The decision by Merck & Co. Inc. to end its Phase III program with preladenant based on three studies that failed to show efficacy in Parkinson's disease put the spotlight on adenosine A2A receptor antagonists as a class, which has been explored by a handful of other companies, some of them with work still under way.

Merck, of Whitehouse Station, N.J., said last week that the company is "taking steps to discontinue" the extension phases of the studies and will abandon bids for regulatory findings.

Results from the research will be offered at an upcoming scientific meeting, and will be submitted for publication in a peer-reviewed journal.

Mark Schoenebaum, analyst with ISI Group, noted in an alert to investors that consensus estimates pegged peak sales of preladenant of only about $200 million in 2018, the last year for which figures were available, and called the impact to Merck "quite small."

The preladenant news was dwarfed by happier developments, such as the company's accelerated share repurchase valued at about $5 billion, the scheduling at an analyst meeting at the American Society of Clinical Oncology, and a favorable vote by an FDA advisory panel for suvorexant a first-in-class dual orexin receptor antagonist (DORA) for insomnia. DORAs have made something of a splash lately, seeming to promise a solid night of sleep without the daytime drowsiness that besets users of other, generic sleep medications. (See BioWorld Today, April 16, 2013.)

Adenosine A2A receptor antagonists – members of the G-protein-coupled receptor (GPCR) family, and believed useful in central nervous system disorders other than Parkinson's – may fare less well. Investors likely are looking askance at Biotie Therapies Corp., of Turku, Finland, which in December reported Phase IIb data with tozadenant, also targeting Parkinson's.

Data showed the study met its primary endpoint of decreasing the "off" time in patients experiencing levodopa-related end-of-dose wearing off vs. placebo, with efficacy across multiple secondary endpoints, too.

Biotie ended up with tozadenant by way of its early 2011 buyout of Synosia Therapeutics AG, in an all-share deal valued at €93.6 million (then US$121 million). The takeover, three months after Biotie underwent a restructuring that cut staff by about 75 percent, brought aboard six clinical stage central nervous system products, including treatments for Parkinson's and Alzheimer's diseases, and for bipolar disorder. (See BioWorld Today, Jan. 12, 2011.)

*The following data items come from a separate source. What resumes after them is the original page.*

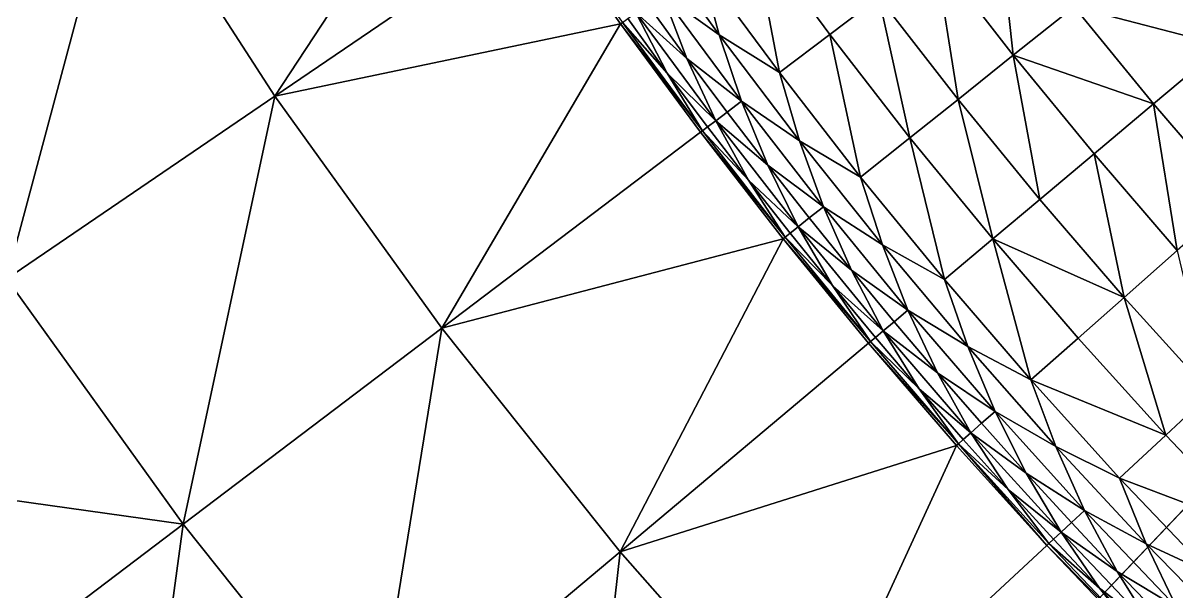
# Model space of a CAD drawing. Header units: millimetres. Extents: x -3250 to 5350, y -3250 to 3250.
# Drawn here: x -2306 to -1773, y -1722 to -1459 of the extents above; entities that cross this region are included whole.
import ezdxf

# ---------------------------------------------------------------- set-up
doc = ezdxf.new("R2010")
doc.units = ezdxf.units.MM
doc.header["$MEASUREMENT"] = 0
doc.layers.add('MESH_3D', color=2, linetype='CONTINUOUS')

msp = doc.modelspace()

# ---------------------------------------------------------------- linework, layer by layer
at = {"layer": 'MESH_3D'}
for points in [[(2150.48, 2436.79, 32500), (-3128.53, 880.23, 32500), (-2326.57, -2269.27, 32500)], [(2150.48, 2436.79, 32500), (-2326.57, -2269.27, 32500), (3105.61, 957.95, 32500)], [(3105.61, 957.95, 32500), (-2326.57, -2269.27, 32500), (-1962.36, -2590.68, 32500)], [(3105.61, 957.95, 32500), (-1962.36, -2590.68, 32500), (-1625, -2814.58, 32500)], [(-2389.21, -1460.02, 24400), (-2327.29, -1267.37, 24200), (-2261.22, -1381.8, 24200)], [(-2189.53, -1492.8, 24200), (-2261.22, -1381.8, 24200), (-2100.06, -1356.37, 24000)], [(-2189.53, -1492.8, 24200), (-2100.06, -1356.37, 24000), (-2065.6, -1408.3, 24000)], [(-2313.47, -1577.3, 24400), (-2389.21, -1460.02, 24400), (-2261.22, -1381.8, 24200)], [(-2313.47, -1577.3, 24400), (-2261.22, -1381.8, 24200), (-2189.53, -1492.8, 24200)], [(-2189.53, -1492.8, 24200), (-2065.6, -1408.3, 24000), (-2029.85, -1459.36, 24000)], [(-2028.89, -1458.67, -38.42), (-2029.85, -1459.36), (-2065.6, -1408.3)], [(-2065.6, -1408.3, 24000), (-2065.6, -1408.3), (-2029.85, -1459.36)], [(-2029.85, -1459.36, 24000), (-2065.6, -1408.3, 24000), (-2029.85, -1459.36)], [(-1848.19, -1473.88, -406.77), (-1884.36, -1427.35, -406.77), (-1855.68, -1405.62, -455.71)], [(-1848.19, -1473.88, -406.77), (-1855.68, -1405.62, -455.71), (-1820.06, -1451.45, -455.71)], [(-1984.19, -1464.4, -205.25), (-2020.08, -1414.48, -205.25), (-1992.68, -1432.64, -238.11)], [(-1984.19, -1464.4, -205.25), (-2010.57, -1445.5, -171.85), (-2020.08, -1414.48, -205.25)], [(-1956.34, -1481.87, -238.11), (-1992.68, -1432.64, -238.11), (-1968.97, -1415.6, -303.82)], [(-1933.07, -1464.24, -303.82), (-1968.97, -1415.6, -303.82), (-1910.43, -1447.1, -355.73)], [(-1956.34, -1481.87, -238.11), (-1968.97, -1415.6, -303.82), (-1933.07, -1464.24, -303.82)], [(-1873.76, -1494.27, -355.73), (-1910.43, -1447.1, -355.73), (-1884.36, -1427.35, -406.77)], [(-1873.76, -1494.27, -355.73), (-1884.36, -1427.35, -406.77), (-1848.19, -1473.88, -406.77)], [(-1820.06, -1451.45, -455.71), (-1787.22, -1425.26, -506.08), (-1751.13, -1469.38, -506.08)], [(-1751.13, -1469.38, -506.08), (-1787.22, -1425.26, -506.08), (-1721.78, -1444.74, -547.31)], [(-1984.19, -1464.4, -205.25), (-1992.68, -1432.64, -238.11), (-1956.34, -1481.87, -238.11)], [(-1999.07, -1475.38, -138.74), (-2017.3, -1450.34, -138.74), (-2010.57, -1445.5, -171.85)], [(-1984.19, -1464.4, -205.25), (-1973.91, -1495.18, -171.85), (-2010.57, -1445.5, -171.85)], [(-1999.07, -1475.38, -138.74), (-2010.57, -1445.5, -171.85), (-1973.91, -1495.18, -171.85)], [(-1999.07, -1475.38, -138.74), (-2022.64, -1454.18, -105.25), (-2017.3, -1450.34, -138.74)], [(-1895.97, -1511.98, -303.82), (-1933.07, -1464.24, -303.82), (-1910.43, -1447.1, -355.73)], [(-1895.97, -1511.98, -303.82), (-1910.43, -1447.1, -355.73), (-1873.76, -1494.27, -355.73)], [(-2008.16, -1482.09, -71.93), (-2026.48, -1456.94, -71.93), (-2022.64, -1454.18, -105.25)], [(-1999.07, -1475.38, -138.74), (-1985.75, -1504.15, -105.25), (-2022.64, -1454.18, -105.25)], [(-2008.16, -1482.09, -71.93), (-2022.64, -1454.18, -105.25), (-1985.75, -1504.15, -105.25)], [(-1848.19, -1473.88, -406.77), (-1820.06, -1451.45, -455.71), (-1783.31, -1496.37, -455.71)], [(-1783.31, -1496.37, -455.71), (-1820.06, -1451.45, -455.71), (-1751.13, -1469.38, -506.08)], [(-2112.4, -1600.08, 24200), (-2189.53, -1492.8, 24200), (-2029.85, -1459.36, 24000)], [(-2112.4, -1600.08, 24200), (-2029.85, -1459.36, 24000), (-1992.83, -1509.51, 24000)], [(-1991.89, -1508.8, -38.42), (-2029.85, -1459.36), (-2028.89, -1458.67, -38.42)], [(-1991.89, -1508.8, -38.42), (-1992.83, -1509.51), (-2029.85, -1459.36)], [(-1992.83, -1509.51, 24000), (-2029.85, -1459.36, 24000), (-2029.85, -1459.36)], [(-1992.83, -1509.51, 24000), (-2029.85, -1459.36), (-1992.83, -1509.51)], [(-2008.16, -1482.09, -71.93), (-2028.89, -1458.67, -38.42), (-2026.48, -1456.94, -71.93)], [(-2008.16, -1482.09, -71.93), (-1991.89, -1508.8, -38.42), (-2028.89, -1458.67, -38.42)], [(-1947.07, -1513.41, -205.25), (-1973.91, -1495.18, -171.85), (-1984.19, -1464.4, -205.25)], [(-1947.07, -1513.41, -205.25), (-1984.19, -1464.4, -205.25), (-1956.34, -1481.87, -238.11)], [(-1918.79, -1530.18, -238.11), (-1956.34, -1481.87, -238.11), (-1933.07, -1464.24, -303.82)], [(-1918.79, -1530.18, -238.11), (-1933.07, -1464.24, -303.82), (-1895.97, -1511.98, -303.82)], [(-1745.45, -1540.36, -455.71), (-1783.31, -1496.37, -455.71), (-1751.13, -1469.38, -506.08)], [(-1980.52, -1500.18, -138.74), (-1985.75, -1504.15, -105.25), (-1999.07, -1475.38, -138.74)], [(-1980.52, -1500.18, -138.74), (-1999.07, -1475.38, -138.74), (-1973.91, -1495.18, -171.85)], [(-1835.92, -1540.52, -355.73), (-1873.76, -1494.27, -355.73), (-1848.19, -1473.88, -406.77)], [(-1810.87, -1519.5, -406.77), (-1848.19, -1473.88, -406.77), (-1783.31, -1496.37, -455.71)], [(-1835.92, -1540.52, -355.73), (-1848.19, -1473.88, -406.77), (-1810.87, -1519.5, -406.77)], [(-1989.53, -1507.01, -71.93), (-2008.16, -1482.09, -71.93), (-1985.75, -1504.15, -105.25)], [(-1989.53, -1507.01, -71.93), (-1991.89, -1508.8, -38.42), (-2008.16, -1482.09, -71.93)], [(-1947.07, -1513.41, -205.25), (-1956.34, -1481.87, -238.11), (-1918.79, -1530.18, -238.11)], [(-2231.97, -1690.65, 24400), (-2313.47, -1577.3, 24400), (-2189.53, -1492.8, 24200)], [(-2231.97, -1690.65, 24400), (-2189.53, -1492.8, 24200), (-2112.4, -1600.08, 24200)], [(-1961.66, -1524.76, -138.74), (-1980.52, -1500.18, -138.74), (-1973.91, -1495.18, -171.85)], [(-1947.07, -1513.41, -205.25), (-1936.02, -1543.92, -171.85), (-1973.91, -1495.18, -171.85)], [(-1961.66, -1524.76, -138.74), (-1973.91, -1495.18, -171.85), (-1936.02, -1543.92, -171.85)], [(-1857.68, -1558.78, -303.82), (-1895.97, -1511.98, -303.82), (-1873.76, -1494.27, -355.73)], [(-1857.68, -1558.78, -303.82), (-1873.76, -1494.27, -355.73), (-1835.92, -1540.52, -355.73)], [(-1772.43, -1564.18, -406.77), (-1810.87, -1519.5, -406.77), (-1783.31, -1496.37, -455.71)], [(-1772.43, -1564.18, -406.77), (-1783.31, -1496.37, -455.71), (-1745.45, -1540.36, -455.71)], [(-1970.59, -1531.69, -71.93), (-1989.53, -1507.01, -71.93), (-1985.75, -1504.15, -105.25)], [(-1961.66, -1524.76, -138.74), (-1985.75, -1504.15, -105.25), (-1980.52, -1500.18, -138.74)], [(-1961.66, -1524.76, -138.74), (-1947.64, -1553.19, -105.25), (-1985.75, -1504.15, -105.25)], [(-1970.59, -1531.69, -71.93), (-1985.75, -1504.15, -105.25), (-1947.64, -1553.19, -105.25)], [(-2112.4, -1600.08, 24200), (-1992.83, -1509.51, 24000), (-1954.58, -1558.72, 24000)], [(-1953.66, -1557.99, -38.42), (-1992.83, -1509.51), (-1991.89, -1508.8, -38.42)], [(-1953.66, -1557.99, -38.42), (-1954.58, -1558.72), (-1992.83, -1509.51)], [(-1954.58, -1558.72, 24000), (-1992.83, -1509.51, 24000), (-1992.83, -1509.51)], [(-1954.58, -1558.72, 24000), (-1992.83, -1509.51), (-1954.58, -1558.72)], [(-1970.59, -1531.69, -71.93), (-1991.89, -1508.8, -38.42), (-1989.53, -1507.01, -71.93)], [(-1970.59, -1531.69, -71.93), (-1953.66, -1557.99, -38.42), (-1991.89, -1508.8, -38.42)], [(-1908.73, -1561.48, -205.25), (-1947.07, -1513.41, -205.25), (-1918.79, -1530.18, -238.11)], [(-1908.73, -1561.48, -205.25), (-1936.02, -1543.92, -171.85), (-1947.07, -1513.41, -205.25)], [(-1880.05, -1577.55, -238.11), (-1918.79, -1530.18, -238.11), (-1895.97, -1511.98, -303.82)], [(-1880.05, -1577.55, -238.11), (-1895.97, -1511.98, -303.82), (-1857.68, -1558.78, -303.82)], [(-1796.95, -1585.82, -355.73), (-1835.92, -1540.52, -355.73), (-1810.87, -1519.5, -406.77)], [(-1796.95, -1585.82, -355.73), (-1810.87, -1519.5, -406.77), (-1772.43, -1564.18, -406.77)], [(-1942.5, -1549.09, -138.74), (-1947.64, -1553.19, -105.25), (-1961.66, -1524.76, -138.74)], [(-1942.5, -1549.09, -138.74), (-1961.66, -1524.76, -138.74), (-1936.02, -1543.92, -171.85)], [(-1908.73, -1561.48, -205.25), (-1918.79, -1530.18, -238.11), (-1880.05, -1577.55, -238.11)], [(-1951.34, -1556.14, -71.93), (-1953.66, -1557.99, -38.42), (-1970.59, -1531.69, -71.93)], [(-1951.34, -1556.14, -71.93), (-1970.59, -1531.69, -71.93), (-1947.64, -1553.19, -105.25)], [(-1857.68, -1558.78, -303.82), (-1835.92, -1540.52, -355.73), (-1796.95, -1585.82, -355.73)], [(-1923.04, -1573.19, -138.74), (-1942.5, -1549.09, -138.74), (-1936.02, -1543.92, -171.85)], [(-1908.73, -1561.48, -205.25), (-1896.93, -1591.71, -171.85), (-1936.02, -1543.92, -171.85)], [(-1923.04, -1573.19, -138.74), (-1936.02, -1543.92, -171.85), (-1896.93, -1591.71, -171.85)], [(-1923.04, -1573.19, -138.74), (-1947.64, -1553.19, -105.25), (-1942.5, -1549.09, -138.74)], [(-1931.79, -1580.35, -71.93), (-1953.66, -1557.99, -38.42), (-1951.34, -1556.14, -71.93)], [(-1931.79, -1580.35, -71.93), (-1951.34, -1556.14, -71.93), (-1947.64, -1553.19, -105.25)], [(-1923.04, -1573.19, -138.74), (-1908.31, -1601.26, -105.25), (-1947.64, -1553.19, -105.25)], [(-1931.79, -1580.35, -71.93), (-1947.64, -1553.19, -105.25), (-1908.31, -1601.26, -105.25)], [(-2030.02, -1703.39, 24200), (-2112.4, -1600.08, 24200), (-1954.58, -1558.72, 24000)], [(-2030.02, -1703.39, 24200), (-1954.58, -1558.72, 24000), (-1915.11, -1606.97, 24000)], [(-1914.21, -1606.21, -38.42), (-1954.58, -1558.72), (-1953.66, -1557.99, -38.42)], [(-1914.21, -1606.21, -38.42), (-1915.11, -1606.97), (-1954.58, -1558.72)], [(-1915.11, -1606.97, 24000), (-1954.58, -1558.72, 24000), (-1954.58, -1558.72)], [(-1915.11, -1606.97, 24000), (-1954.58, -1558.72), (-1915.11, -1606.97)], [(-1931.79, -1580.35, -71.93), (-1914.21, -1606.21, -38.42), (-1953.66, -1557.99, -38.42)], [(-1869.21, -1608.58, -205.25), (-1908.73, -1561.48, -205.25), (-1880.05, -1577.55, -238.11)], [(-1869.21, -1608.58, -205.25), (-1896.93, -1591.71, -171.85), (-1908.73, -1561.48, -205.25)], [(-1840.13, -1623.93, -238.11), (-1880.05, -1577.55, -238.11), (-1857.68, -1558.78, -303.82)], [(-1818.24, -1604.61, -303.82), (-1857.68, -1558.78, -303.82), (-1796.95, -1585.82, -355.73)], [(-1840.13, -1623.93, -238.11), (-1857.68, -1558.78, -303.82), (-1818.24, -1604.61, -303.82)], [(-1756.85, -1630.12, -355.73), (-1796.95, -1585.82, -355.73), (-1772.43, -1564.18, -406.77)], [(-1903.28, -1597.04, -138.74), (-1923.04, -1573.19, -138.74), (-1896.93, -1591.71, -171.85)], [(-1903.28, -1597.04, -138.74), (-1908.31, -1601.26, -105.25), (-1923.04, -1573.19, -138.74)], [(-2437.4, -1661.79, 24600), (-2313.47, -1577.3, 24400), (-2231.97, -1690.65, 24400)], [(-1869.21, -1608.58, -205.25), (-1880.05, -1577.55, -238.11), (-1840.13, -1623.93, -238.11)], [(-1911.94, -1604.31, -71.93), (-1931.79, -1580.35, -71.93), (-1908.31, -1601.26, -105.25)], [(-1911.94, -1604.31, -71.93), (-1914.21, -1606.21, -38.42), (-1931.79, -1580.35, -71.93)], [(-1777.67, -1649.44, -303.82), (-1818.24, -1604.61, -303.82), (-1796.95, -1585.82, -355.73)], [(-1777.67, -1649.44, -303.82), (-1796.95, -1585.82, -355.73), (-1756.85, -1630.12, -355.73)], [(-1883.22, -1620.64, -138.74), (-1903.28, -1597.04, -138.74), (-1896.93, -1591.71, -171.85)], [(-1869.21, -1608.58, -205.25), (-1856.65, -1638.51, -171.85), (-1896.93, -1591.71, -171.85)], [(-1883.22, -1620.64, -138.74), (-1896.93, -1591.71, -171.85), (-1856.65, -1638.51, -171.85)], [(-2144.92, -1799.81, 24400), (-2231.97, -1690.65, 24400), (-2112.4, -1600.08, 24200)], [(-2144.92, -1799.81, 24400), (-2112.4, -1600.08, 24200), (-2030.02, -1703.39, 24200)], [(-1883.22, -1620.64, -138.74), (-1908.31, -1601.26, -105.25), (-1903.28, -1597.04, -138.74)], [(-1891.79, -1628.02, -71.93), (-1914.21, -1606.21, -38.42), (-1911.94, -1604.31, -71.93)], [(-1891.79, -1628.02, -71.93), (-1911.94, -1604.31, -71.93), (-1908.31, -1601.26, -105.25)], [(-1883.22, -1620.64, -138.74), (-1867.8, -1648.34, -105.25), (-1908.31, -1601.26, -105.25)], [(-1891.79, -1628.02, -71.93), (-1908.31, -1601.26, -105.25), (-1867.8, -1648.34, -105.25)], [(-1840.13, -1623.93, -238.11), (-1818.24, -1604.61, -303.82), (-1777.67, -1649.44, -303.82)], [(-2030.02, -1703.39, 24200), (-1915.11, -1606.97, 24000), (-1874.45, -1654.21, 24000)], [(-1873.57, -1653.43, -38.42), (-1915.11, -1606.97), (-1914.21, -1606.21, -38.42)], [(-1873.57, -1653.43, -38.42), (-1874.45, -1654.21), (-1915.11, -1606.97)], [(-1874.45, -1654.21, 24000), (-1915.11, -1606.97, 24000), (-1915.11, -1606.97)], [(-1874.45, -1654.21, 24000), (-1915.11, -1606.97), (-1874.45, -1654.21)], [(-1891.79, -1628.02, -71.93), (-1873.57, -1653.43, -38.42), (-1914.21, -1606.21, -38.42)], [(-1828.52, -1654.68, -205.25), (-1869.21, -1608.58, -205.25), (-1840.13, -1623.93, -238.11)], [(-1828.52, -1654.68, -205.25), (-1856.65, -1638.51, -171.85), (-1869.21, -1608.58, -205.25)], [(-1862.87, -1643.99, -138.74), (-1883.22, -1620.64, -138.74), (-1856.65, -1638.51, -171.85)], [(-1862.87, -1643.99, -138.74), (-1867.8, -1648.34, -105.25), (-1883.22, -1620.64, -138.74)], [(-1799.07, -1669.3, -238.11), (-1840.13, -1623.93, -238.11), (-1777.67, -1649.44, -303.82)], [(-1828.52, -1654.68, -205.25), (-1840.13, -1623.93, -238.11), (-1799.07, -1669.3, -238.11)], [(-1871.35, -1651.47, -71.93), (-1873.57, -1653.43, -38.42), (-1891.79, -1628.02, -71.93)], [(-1871.35, -1651.47, -71.93), (-1891.79, -1628.02, -71.93), (-1867.8, -1648.34, -105.25)], [(-1736, -1693.25, -303.82), (-1777.67, -1649.44, -303.82), (-1756.85, -1630.12, -355.73)], [(-1842.23, -1667.09, -138.74), (-1862.87, -1643.99, -138.74), (-1856.65, -1638.51, -171.85)], [(-1828.52, -1654.68, -205.25), (-1815.23, -1684.28, -171.85), (-1856.65, -1638.51, -171.85)], [(-1842.23, -1667.09, -138.74), (-1856.65, -1638.51, -171.85), (-1815.23, -1684.28, -171.85)], [(-1850.61, -1674.67, -71.93), (-1871.35, -1651.47, -71.93), (-1867.8, -1648.34, -105.25)], [(-1842.23, -1667.09, -138.74), (-1867.8, -1648.34, -105.25), (-1862.87, -1643.99, -138.74)], [(-1842.23, -1667.09, -138.74), (-1826.12, -1694.39, -105.25), (-1867.8, -1648.34, -105.25)], [(-1850.61, -1674.67, -71.93), (-1867.8, -1648.34, -105.25), (-1826.12, -1694.39, -105.25)], [(-1873.57, -1653.43, -38.42), (-1832.63, -1700.43), (-1874.45, -1654.21)], [(-1850.61, -1674.67, -71.93), (-1873.57, -1653.43, -38.42), (-1871.35, -1651.47, -71.93)], [(-1831.76, -1699.63, -38.42), (-1832.63, -1700.43), (-1873.57, -1653.43, -38.42)], [(-1850.61, -1674.67, -71.93), (-1831.76, -1699.63, -38.42), (-1873.57, -1653.43, -38.42)], [(-1799.07, -1669.3, -238.11), (-1777.67, -1649.44, -303.82), (-1736, -1693.25, -303.82)], [(-1942.59, -1802.46, 24200), (-2030.02, -1703.39, 24200), (-1874.45, -1654.21, 24000)], [(-1942.59, -1802.46, 24200), (-1874.45, -1654.21, 24000), (-1832.63, -1700.43, 24000)], [(-1832.63, -1700.43, 24000), (-1874.45, -1654.21, 24000), (-1874.45, -1654.21)], [(-1832.63, -1700.43, 24000), (-1874.45, -1654.21), (-1832.63, -1700.43)], [(-1786.7, -1699.76, -205.25), (-1828.52, -1654.68, -205.25), (-1799.07, -1669.3, -238.11)], [(-1786.7, -1699.76, -205.25), (-1815.23, -1684.28, -171.85), (-1828.52, -1654.68, -205.25)], [(-2351.54, -1781.22, 24600), (-2437.4, -1661.79, 24600), (-2231.97, -1690.65, 24400)], [(-1821.31, -1689.92, -138.74), (-1842.23, -1667.09, -138.74), (-1815.23, -1684.28, -171.85)], [(-1821.31, -1689.92, -138.74), (-1826.12, -1694.39, -105.25), (-1842.23, -1667.09, -138.74)], [(-1756.9, -1713.63, -238.11), (-1799.07, -1669.3, -238.11), (-1736, -1693.25, -303.82)], [(-1786.7, -1699.76, -205.25), (-1799.07, -1669.3, -238.11), (-1756.9, -1713.63, -238.11)], [(-1829.59, -1697.61, -71.93), (-1850.61, -1674.67, -71.93), (-1826.12, -1694.39, -105.25)], [(-1829.59, -1697.61, -71.93), (-1831.76, -1699.63, -38.42), (-1850.61, -1674.67, -71.93)], [(-1800.1, -1712.5, -138.74), (-1821.31, -1689.92, -138.74), (-1815.23, -1684.28, -171.85)], [(-1786.7, -1699.76, -205.25), (-1772.67, -1729.02, -171.85), (-1815.23, -1684.28, -171.85)], [(-1800.1, -1712.5, -138.74), (-1815.23, -1684.28, -171.85), (-1772.67, -1729.02, -171.85)], [(-2259.83, -1896.22, 24600), (-2351.54, -1781.22, 24600), (-2231.97, -1690.65, 24400)], [(-2259.83, -1896.22, 24600), (-2231.97, -1690.65, 24400), (-2144.92, -1799.81, 24400)], [(-1800.1, -1712.5, -138.74), (-1826.12, -1694.39, -105.25), (-1821.31, -1689.92, -138.74)], [(-1808.29, -1720.29, -71.93), (-1829.59, -1697.61, -71.93), (-1826.12, -1694.39, -105.25)], [(-1800.1, -1712.5, -138.74), (-1783.31, -1739.39, -105.25), (-1826.12, -1694.39, -105.25)], [(-1808.29, -1720.29, -71.93), (-1826.12, -1694.39, -105.25), (-1783.31, -1739.39, -105.25)], [(-1942.59, -1802.46, 24200), (-1832.63, -1700.43, 24000), (-1789.67, -1745.59, 24000)], [(-1788.82, -1744.77, -38.42), (-1832.63, -1700.43), (-1831.76, -1699.63, -38.42)], [(-1788.82, -1744.77, -38.42), (-1789.67, -1745.59), (-1832.63, -1700.43)], [(-1789.67, -1745.59, 24000), (-1832.63, -1700.43), (-1789.67, -1745.59)], [(-1789.67, -1745.59, 24000), (-1832.63, -1700.43, 24000), (-1832.63, -1700.43)], [(-1808.29, -1720.29, -71.93), (-1831.76, -1699.63, -38.42), (-1829.59, -1697.61, -71.93)], [(-1808.29, -1720.29, -71.93), (-1788.82, -1744.77, -38.42), (-1831.76, -1699.63, -38.42)], [(-1743.77, -1743.77, -205.25), (-1786.7, -1699.76, -205.25), (-1756.9, -1713.63, -238.11)], [(-1743.77, -1743.77, -205.25), (-1772.67, -1729.02, -171.85), (-1786.7, -1699.76, -205.25)], [(-2052.55, -1904.48, 24400), (-2144.92, -1799.81, 24400), (-2030.02, -1703.39, 24200)], [(-2052.55, -1904.48, 24400), (-2030.02, -1703.39, 24200), (-1942.59, -1802.46, 24200)], [(-1778.61, -1734.81, -138.74), (-1783.31, -1739.39, -105.25), (-1800.1, -1712.5, -138.74)], [(-1778.61, -1734.81, -138.74), (-1800.1, -1712.5, -138.74), (-1772.67, -1729.02, -171.85)], [(-1786.7, -1742.7, -71.93), (-1788.82, -1744.77, -38.42), (-1808.29, -1720.29, -71.93)], [(-1786.7, -1742.7, -71.93), (-1808.29, -1720.29, -71.93), (-1783.31, -1739.39, -105.25)]]:
    msp.add_3dface(points, dxfattribs=at)

doc.saveas('drawing.dxf')

Another player in the adenosine A2A antagonist field, Montreal-based Valeant Pharmaceuticals International Inc., holds North American rights to istradefylline – once again, for Parkinson's – which was the first compound in the class to enter the clinic. Its fate may have foreshadowed the failure of the Merck candidate: istradefylline received a not-approvable letter from the FDA in 2008.

Regulators made known their concerns about the drug's efficacy and requested additional nonclinical mineralization data and clinical pharmacology data.

In 2010, though, Valeant's subsidiary Biovail Corp. disclosed a license deal with Kyowa Hakko Kirin Co. Ltd., of Tokyo, for U.S. and Canadian rights to commercialize products containing istradefylline.

Biovail provided $10 million up front, and pledged as much as $20 million in potential development milestone payments that would come along the path through FDA approval, plus $35 million if certain sales-based milestones are met.

The space, at least for now, remains active. In March, Addex Therapeutics SA, of Geneva, and Viva Biotech Ltd., of Shanghai, China, entered a deal to advance oral small-molecule adenosine 2A receptor positive allosteric modulators, not disclosing terms.

Another player is Heptares Therapeutics Ltd., of Welwyn Garden City, UK, which in early 2012 reported what it called the first use of structure-based design to discover a GPCR-targeted drug candidate.

In the Journal of Medicinal Chemistry, company scientists described how they identified antagonists to the adenosine A2A receptor using stabilized receptors and a virtual screening approach. Heptares signed a $106.3 million schizophrenia deal with Takeda Pharmaceutical Co. Ltd., of Osaka, Japan, and a $200 million deal with Novartis Option Fund to generate leads against an unspecified target of interest to parent company Novartis AG, of Basel, Switzerland. Also, in May 2011, Heptares outlicensed an adenosine A2A antagonist, discovered in-house, to UK-based Shire Pharmaceuticals plc, for potential development in Parkinson's. (See BioWorld Today, Oct. 13, 2009, and April 12, 2011.)

Strasbourg, France-based Domain Therapeutics SA has a different approach with DT1133 and its analogs, new chemical entities with adenosine A2A-antagonist potency, discovered by way of the firm's DTect-All assay technology. The molecules, Domain said, belong to a chemical family distinct from the known xanthines or furan-containing A2A-antagonists, with their metabolism issues. Domain's main candidate has shown oral bioavailability in rodents and no clinical toxicology sign in a 14-day rat study.